*The problem*:
Return every line of the records, exact and in full, until you have returned the line with "LINEAR_AUSTRAGEN3_DEPTH = 40", and include none of the pictures.
******************************
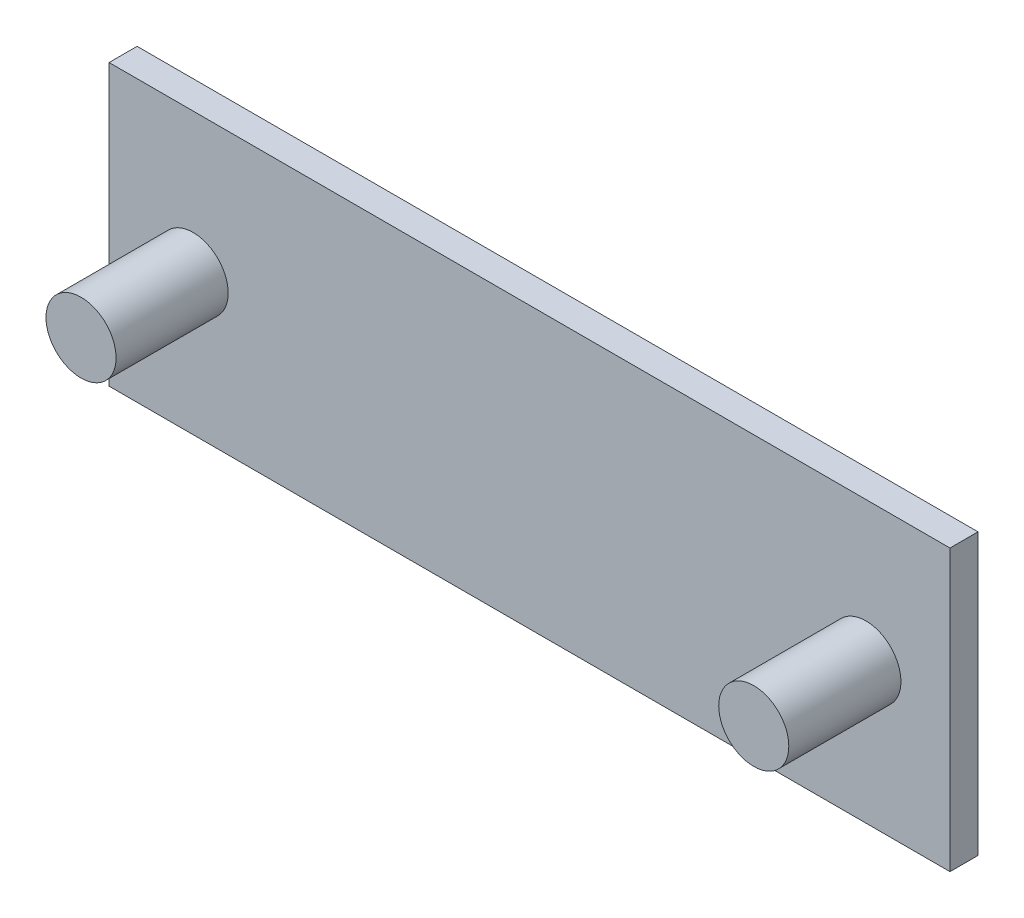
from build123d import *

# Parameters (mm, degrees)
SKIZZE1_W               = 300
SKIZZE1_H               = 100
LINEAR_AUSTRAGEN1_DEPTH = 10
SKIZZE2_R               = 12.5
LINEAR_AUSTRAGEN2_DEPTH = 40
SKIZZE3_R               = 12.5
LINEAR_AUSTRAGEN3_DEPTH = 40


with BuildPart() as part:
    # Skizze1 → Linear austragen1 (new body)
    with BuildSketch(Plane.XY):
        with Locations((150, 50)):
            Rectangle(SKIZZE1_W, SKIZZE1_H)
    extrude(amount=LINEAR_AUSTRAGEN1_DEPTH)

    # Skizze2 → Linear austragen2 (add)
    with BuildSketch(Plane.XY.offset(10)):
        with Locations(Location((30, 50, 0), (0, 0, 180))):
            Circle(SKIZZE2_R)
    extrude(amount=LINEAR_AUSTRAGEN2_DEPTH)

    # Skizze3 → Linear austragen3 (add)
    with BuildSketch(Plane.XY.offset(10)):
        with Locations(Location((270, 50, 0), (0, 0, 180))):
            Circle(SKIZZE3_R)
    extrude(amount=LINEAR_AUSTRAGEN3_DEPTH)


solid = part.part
******************************
*The answer*:
from build123d import *

# Parameters (mm, degrees)
SKIZZE1_W               = 300
SKIZZE1_H               = 100
LINEAR_AUSTRAGEN1_DEPTH = 10
SKIZZE2_R               = 12.5
LINEAR_AUSTRAGEN2_DEPTH = 40
SKIZZE3_R               = 12.5
LINEAR_AUSTRAGEN3_DEPTH = 40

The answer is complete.